Europese wetgeving conflictmineralen
Goede intenties genoeg bij de Europese Unie, die in 2017 de zogeheten conflictmineralenwetgeving invoerde. Onder deze wet moeten Europese importeurs van de ruwe grondstoffen tin, tantaal, wolfraam en goud nagaan of zij met hun inkopen bijdragen aan conflict en mensenrechtenschendingen elders in de wereld. Zo wil de EU voorkomen dat zij met het importeren van grondstoffen gewapende conflicten en mensenrechtenschendingen elders financiert. Een probleem is dat de wet, die op 1 januari 2021 van kracht wordt, alleen geldt voor de importeurs van de genoemde ruwe grondstoffen boven een bepaald jaarlijks volume. Volgens cijfers van de Europese Commissie is dit minder dan 1 procent van het totaal aantal bedrijven dat deze vier mineralen gebruikt. Daarnaast zijn er nog vele andere grondstoffen die níet onder de wet vallen, zoals kobalt en koper, die ook veel ellende veroorzaken in Afrika.

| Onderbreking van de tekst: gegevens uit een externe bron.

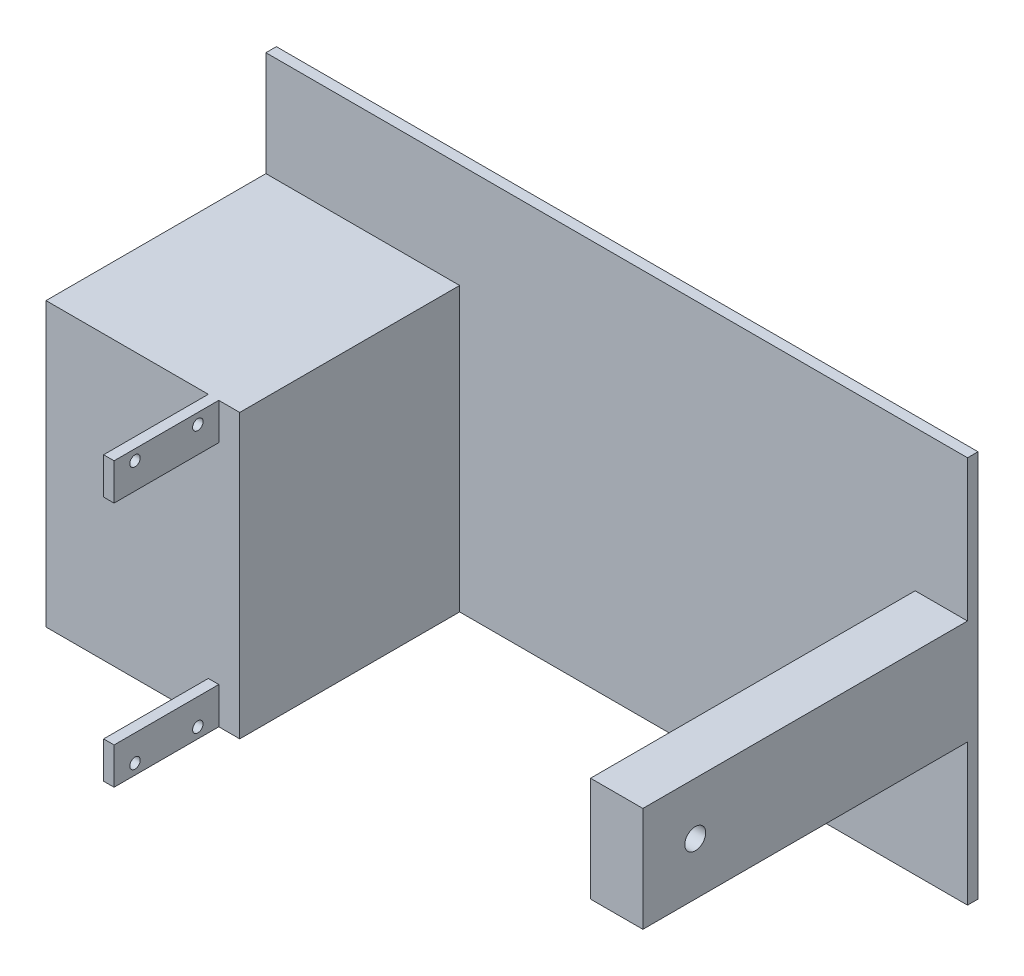
SolidWorks part; units mm, degrees
ref_plane "Front Plane" through (0, 0, 0) normal (0, 0, 1) x (1, 0, 0)
ref_plane "Top Plane" through (0, 0, 0) normal (0, 1, 0) x (1, 0, 0)
ref_plane "Right Plane" through (0, 0, 0) normal (1, 0, 0) x (0, 0, -1)
sketch "Sketch1" plane through (0, 0, 0) normal (0, 0, 1) x (1, 0, 0)
  line L1 (-18.5, -27) -> (18.5, -27)
  line L2 (-18.5, -27) -> (-18.5, 27)
  line L3 (-18.5, 27) -> (18.5, 27)
  line L4 (18.5, -27) -> (18.5, 27)
  line L5 (-18.5, -27) -> (18.5, 27) construction
  line L6 (-18.5, 27) -> (18.5, -27) construction
  point P0 (0, 0)
  dimension "D1" = 54
  dimension "D2" = 37
extrude "Boss-Extrude1" add sketch "Sketch1" along normal blind 2
sketch "Sketch2" plane through (0, 0, 2) normal (0, 0, 1) x (1, 0, 0)
  line L0 (-18.5, -27) -> (18.5, -27) construction
  line L1 (18.5, 27) -> (-18.5, 27) construction
  line L2 (-18.5, 27) -> (-18.5, -27) construction
  line L3 (12.5, -27) -> (14.5, -27)
  line L4 (12.5, -27) -> (12.5, -20)
  line L5 (12.5, -20) -> (14.5, -20)
  line L6 (14.5, -27) -> (14.5, -20)
  line L8 (12.5, 27) -> (14.5, 27)
  line L9 (12.5, 27) -> (12.5, 20)
  line L10 (12.5, 20) -> (14.5, 20)
  line L11 (14.5, 27) -> (14.5, 20)
  point P0 (12.5, -27)
  point P1 (14.5, -27)
  point P4 (12.5, 27)
  point P7 (14.5, 27)
  dimension "D1" = 31
  dimension "D2" = 2
  dimension "D3" = 7
  dimension "D4" = 7
extrude "Boss-Extrude2" add sketch "Sketch2" along normal blind 20
sketch "Sketch3" plane through (12.5, 0, 0) normal (-1, 0, 0) x (0, 0, 1)
  line L0 (2, 27) -> (2, -27) construction
  line L3 (22, -27) -> (2, -27) construction
  line L4 (22, -20) -> (22, -27) construction
  line L5 (22, 27) -> (2, 27) construction
  circle A0 centre (6, -25) radius 1
  circle A1 centre (18, -25) radius 1
  circle A2 centre (6, 25) radius 1
  circle A3 centre (18, 25) radius 1
  point P0 (6, -25)
  point P5 (18, -25)
  point P12 (6, 25)
  point P13 (18, 25)
  dimension "D3" = 2
  dimension "D5" = 2
  dimension "D7" = 2
  dimension "D8" = 2
  dimension "D1" = 4
  dimension "D2" = 2
  dimension "D4" = 4
  dimension "D6" = 2
  dimension "D9" = 2
  dimension "D10" = 2
extrude "Cut-Extrude1" cut sketch "Sketch3" against normal up to next
sketch "Sketch11" plane through (0, 0, 0) normal (0, 0, -1) x (-1, 0, 0)
  line L1 (-18.5, -27) -> (18.5, -27)
  line L2 (-18.5, -27) -> (-18.5, 27)
  line L3 (-18.5, 27) -> (18.5, 27)
  line L4 (18.5, -27) -> (18.5, 27)
  line L5 (-18.5, -27) -> (18.5, 27) construction
  line L6 (-18.5, 27) -> (18.5, -27) construction
  line L7 (-16.5, -25) -> (16.5, -25)
  line L8 (-16.5, -25) -> (-16.5, 25)
  line L9 (-16.5, 25) -> (16.5, 25)
  line L10 (16.5, -25) -> (16.5, 25)
  line L11 (-16.5, -25) -> (16.5, 25) construction
  line L12 (-16.5, 25) -> (16.5, -25) construction
  point P0 (0, 0)
  point P7 (0, 0)
  dimension "D1" = 33
  dimension "D2" = 50
extrude "Boss-Extrude5" add sketch "Sketch11" along normal blind 40
sketch "Sketch12" plane through (0, 0, -40) normal (0, 0, -1) x (-1, 0, 0)
  line L0 (18.5, -27) -> (18.5, 27) construction
  line L1 (-18.5, -27) -> (18.5, -27) construction
  line L3 (18.5, -27) -> (-115.5, -27)
  line L4 (18.5, -27) -> (18.5, 47)
  line L5 (18.5, 47) -> (-115.5, 47)
  line L6 (-115.5, -27) -> (-115.5, 47)
  point P0 (18.5, 10)
  point P5 (18.5, 10)
  point P6 (18.5, 47)
  dimension "D1" = 37
  dimension "D2" = 37
  dimension "D3" = 134
extrude "Boss-Extrude6" add sketch "Sketch12" along normal blind 2
sketch "Sketch13" plane through (0, 0, -40) normal (0, 0, 1) x (1, 0, 0)
  line L0 (115.5, 47) -> (115.5, -27) construction
  line L1 (115.5, 20) -> (115.5, 0)
  line L2 (115.5, 0) -> (105.5, 0)
  line L4 (115.5, 20) -> (105.5, 20)
  line L5 (105.5, 0) -> (105.5, 20)
  line L6 (115.5, 10) -> (105.5, 20) construction
  line L7 (115.5, 10) -> (105.5, 0) construction
  point P0 (115.5, 10)
  point P1 (115.5, 10)
  dimension "D1" = 10
extrude "Boss-Extrude7" add sketch "Sketch13" along normal blind 62
sketch "Sketch16" plane through (115.5, 0, 0) normal (1, 0, 0) x (0, 0, -1)
  line L1 (40, 0) -> (40, -27) construction
  circle A0 centre (-12, 10) radius 2
  point P0 (-12, 10)
  dimension "D2" = 4
  dimension "D1" = 52
extrude "Cut-Extrude2" cut sketch "Sketch16" against normal up to next

Respect voor mensenrechten door alle bedrijven
De conflictmineralenwet is dus een stap in de goede richting, maar een nog betere oplossing zou een wet zijn die voor alle bedrijven in alle sectoren geldt. Zo voorkomen we niet alleen dat gewapende conflicten worden gefinancierd door Europees geld, maar ook dat andere schrijnende mensenrechtenschendingen mede-mogelijk worden gemaakt door Europese productie en consumptie. Mineralen zijn niet de enige grondstoffen die gretig aftrek vinden in Europa. In de producten die wij dagelijks dragen en gebruiken, zitten ook grondstoffen zoals katoen of palmolie. In al deze productieketens is nog steeds sprake van vreselijke werkomstandigheden voor miljoenen mensen en vervuiling van de natuur. Nederlandse bedrijven dragen wereldwijd bij aan werkgelegenheid en bijvoorbeeld ook technische oplossingen voor klimaatverandering. Helaas hebben deze bedrijven ook vaak direct en indirect via hun internationale ketens een negatieve impact op mens en milieu. Hoewel kleine stappen gemaakt worden, blijft doorslaggevende actie uit.
Dichtbij een oplossing
Afgelopen jaar kwamen we heel dicht bij een oplossing. Onder leiding van minister Kaag (Buitenlandse Handel en Ontwikkelingssamenwerking) werd het Nederlandse beleid voor internationaal maatschappelijk verantwoord ondernemen (IMVO) herzien. De verwachting was dat de minister Nederland naar een koploper-positie zou tillen op het gebied van internationaal verantwoord ondernemen. Dat ze net zoals Frankrijk en Duitsland ook nationale wetgeving zou introduceren die bedrijven verplicht om mens en milieu te respecteren wereldwijd. Niet alleen voor een bepaald aantal importeurs van vier ruwe grondstoffen maar voor alle bedrijven, in alle sectoren. Zover kwam het helaas niet. Na veel wikken en wegen en onderzoeken waaruit bleek dat Nederland zeker niet op de huidige weg door kan gaan, besloot Nederland om de verantwoordelijkheid door te schuiven naar de Europese Unie en in Brussel te pleiten voor zo'n wet.
Oproep voor Nederlandse wetgeving
Het is heel goed dat Nederland eindelijk de stap neemt van vrijblijvende en vrijwillige maatregelen naar meer verplichting. Maar als slechts één van de 27 Europese lidstaten die wat te zeggen hebben in de Unie, kan Nederland niet garanderen dat er daadwerkelijk spoedig een ambitieuze wet komt. De conflictmineralenwet werd in 2014 voorgesteld en wordt nu zeven jaar later pas van kracht. Een nieuwe Europese wet zou waarschijnlijk een soortgelijk tijdpad volgen. De gemeenschappen die dagelijks gebukt gaan onder de mensenrechtenschendingen kunnen niet langer wachten. Daarom pleiten wij bij ActionAid samen met meer dan 100 organisaties en bedrijven vóór brede Nederlandse wetgeving die ervoor zorgt dat alle bedrijven de problemen in productieketens rondom mensenrechten en het milieu verder aanpakken. Zo hoeven gemeenschappen in landen als Oeganda, Burundi en DR Congo niet langer te lijden onder onze productie en consumptie en zo kunnen we met gerust hart onze laptops, T-shirts en mobiele telefoons kopen.